Bette Davis herself walked off the set once in a fight with William Wyler over the film's climactic scene in which Leslie says to her husband, "With all my heart I still love the man I killed." It was a crucial line, and the way it was delivered was of utmost importance to the drama. Wyler believed that Davis should look her husband's character in the eye as she delivered the devastating blow. Davis, however, disagreed. "It was such a cruel thing to say to the husband," said Davis in her 1962 memoir The Lonely Life, "I felt I could not say it to his face. I couldn't conceive of any woman looking into her husband's eyes and admitting such a thing. I felt it would come out of her unbeknownst to herself, and therefore she would not be looking at him. Willie disagreed with me - most definitely. I walked off the set! Something I had never done in my whole career...I could not see it his way, nor he mine. I came back eventually - end result, I did it his way. It played validly, heaven knows, but to this day I think my way was the right way. I lost, but I lost to an artist."

After shooting was completed on The Letter, Wyler watched a rough cut and decided that he wanted the character of Leslie to be more sympathetic. He ordered some re-writes and planned to shoot them. Bette Davis was not happy. "I was heartbroken," she said, "as I felt, after reading the rewrites, that my performance could be ruined with these additions. I asked Willie if I could see the film before doing the retakes. To my horror I was crying at myself at the end of the showing. There was dead silence in the projection room when the lights came up. I said, 'If we film these retakes, we will lose the intelligent audience. It is impossible to please everyone with any one film. If we try to accomplish this, we can lose all audiences.' Plus, to my shame, even though I played the part, I deeply sympathized with Leslie Crosbie. We only made one small addition to the original film. Wyler had agreed with me. Thank God!"
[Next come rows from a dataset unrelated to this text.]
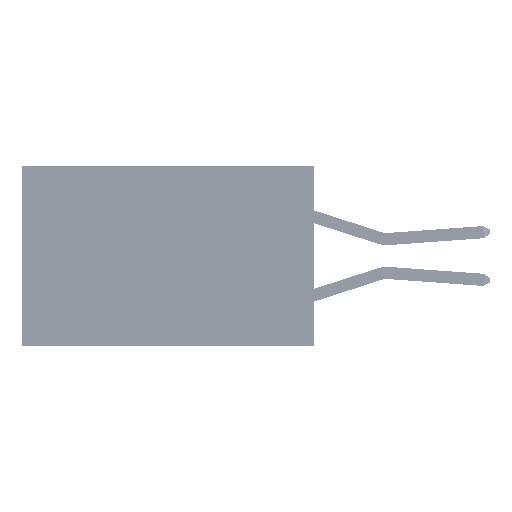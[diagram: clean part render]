
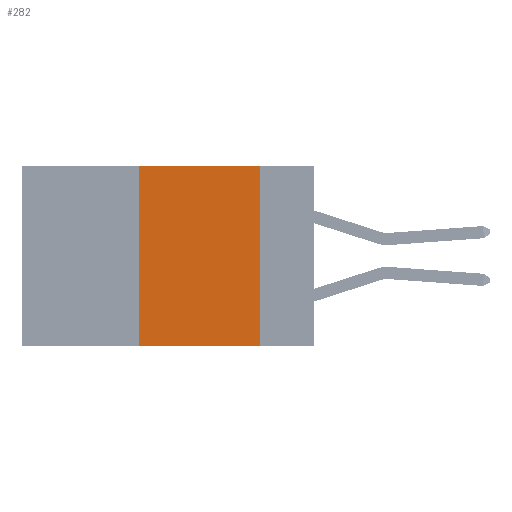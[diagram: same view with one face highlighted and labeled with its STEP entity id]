
A CAD part, left-side view. The second image highlights one B-rep face of the part: STEP entity #282.
In plain terms, the highlighted planar face has unit normal (-1, 0, 0).
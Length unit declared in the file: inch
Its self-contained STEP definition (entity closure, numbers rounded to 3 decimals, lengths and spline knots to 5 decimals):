
#282 = ADVANCED_FACE ( 'NONE', ( #26669 ), #29642, .F. ) ;
#1879 = VERTEX_POINT ( 'NONE', #17284 ) ;
#2139 = DIRECTION ( 'NONE',  ( 0., 0., -1. ) ) ;
#2469 = EDGE_CURVE ( 'NONE', #18085, #42158, #31216, .T. ) ;
#3637 = VECTOR ( 'NONE', #2139, 39.37008 ) ;
#4234 = AXIS2_PLACEMENT_3D ( 'NONE', #6179, #9472, #41284 ) ;
#4568 = CARTESIAN_POINT ( 'NONE',  ( 0., 0.36, 0. ) ) ;
#6179 = CARTESIAN_POINT ( 'NONE',  ( 0., 0.6, 0. ) ) ;
#6567 = CARTESIAN_POINT ( 'NONE',  ( 0., 0.11, 0. ) ) ;
#8059 = ORIENTED_EDGE ( 'NONE', *, *, #2469, .F. ) ;
#9472 = DIRECTION ( 'NONE',  ( 1., 0., 0. ) ) ;
#10026 = VECTOR ( 'NONE', #14105, 39.37008 ) ;
#14105 = DIRECTION ( 'NONE',  ( 0., -1., 0. ) ) ;
#17284 = CARTESIAN_POINT ( 'NONE',  ( 0., 0.36, -0.37 ) ) ;
#18085 = VERTEX_POINT ( 'NONE', #43184 ) ;
#21855 = LINE ( 'NONE', #23302, #28567 ) ;
#22629 = DIRECTION ( 'NONE',  ( 0., 0., 1. ) ) ;
#23302 = CARTESIAN_POINT ( 'NONE',  ( 0., 0.36, 0. ) ) ;
#26669 = FACE_OUTER_BOUND ( 'NONE', #27605, .T. ) ;
#26885 = CARTESIAN_POINT ( 'NONE',  ( 0., 0.6, 0. ) ) ;
#27605 = EDGE_LOOP ( 'NONE', ( #8059, #32862, #41796, #30077 ) ) ;
#28567 = VECTOR ( 'NONE', #22629, 39.37008 ) ;
#28830 = VECTOR ( 'NONE', #46428, 39.37008 ) ;
#28885 = EDGE_CURVE ( 'NONE', #1879, #48111, #21855, .T. ) ;
#29642 = PLANE ( 'NONE',  #4234 ) ;
#30077 = ORIENTED_EDGE ( 'NONE', *, *, #43355, .T. ) ;
#31216 = LINE ( 'NONE', #6567, #3637 ) ;
#32862 = ORIENTED_EDGE ( 'NONE', *, *, #45041, .F. ) ;
#33222 = CARTESIAN_POINT ( 'NONE',  ( 0., 0.11, -0.37 ) ) ;
#35746 = LINE ( 'NONE', #41423, #10026 ) ;
#41284 = DIRECTION ( 'NONE',  ( 0., 0., -1. ) ) ;
#41423 = CARTESIAN_POINT ( 'NONE',  ( 0., 0.6, -0.37 ) ) ;
#41796 = ORIENTED_EDGE ( 'NONE', *, *, #28885, .F. ) ;
#42158 = VERTEX_POINT ( 'NONE', #33222 ) ;
#43184 = CARTESIAN_POINT ( 'NONE',  ( 0., 0.11, 0. ) ) ;
#43355 = EDGE_CURVE ( 'NONE', #1879, #42158, #35746, .T. ) ;
#45041 = EDGE_CURVE ( 'NONE', #48111, #18085, #50257, .T. ) ;
#46428 = DIRECTION ( 'NONE',  ( 0., -1., 0. ) ) ;
#48111 = VERTEX_POINT ( 'NONE', #4568 ) ;
#50257 = LINE ( 'NONE', #26885, #28830 ) ;

The Letter opened in November 1940 to widespread critical praise. It was a solid box office hit and garnered seven Academy Award nominations. It was the fifth film directed by William Wyler in a row to be nominated for Best Picture. It marked Wyler's third nomination for Best Director and Davis' fifth nomination for Best Actress.

James Stephenson, who was also nominated for an Academy Award as Best Supporting Actor, was singled out with praise for his performance as Howard Joyce. It was the break he had been waiting for his entire career. He didn't forget how Bette Davis had convinced him to stay on The Letter when he had walked off the set. "We were both having lunch in the Green Room at Warner Bros.," recalled Bette Davis, "He came to my table and said, 'Bette, I'll thank you all my life for making me stay on the picture.'" Unfortunately, Stephenson didn't get to enjoy his triumph for very long. Just months after The Letter was released, he died suddenly of a heart attack at the age of 53.

"The Letter was a magnificent picture due to Willie," said Bette Davis, summing up her feeling about the film. "Willie believed in one thing while directing a film. It didn't matter how many differences of opinion or how many upsets occurred during filming – the only thing that mattered was the finished product, what was on the screen after the film was completed."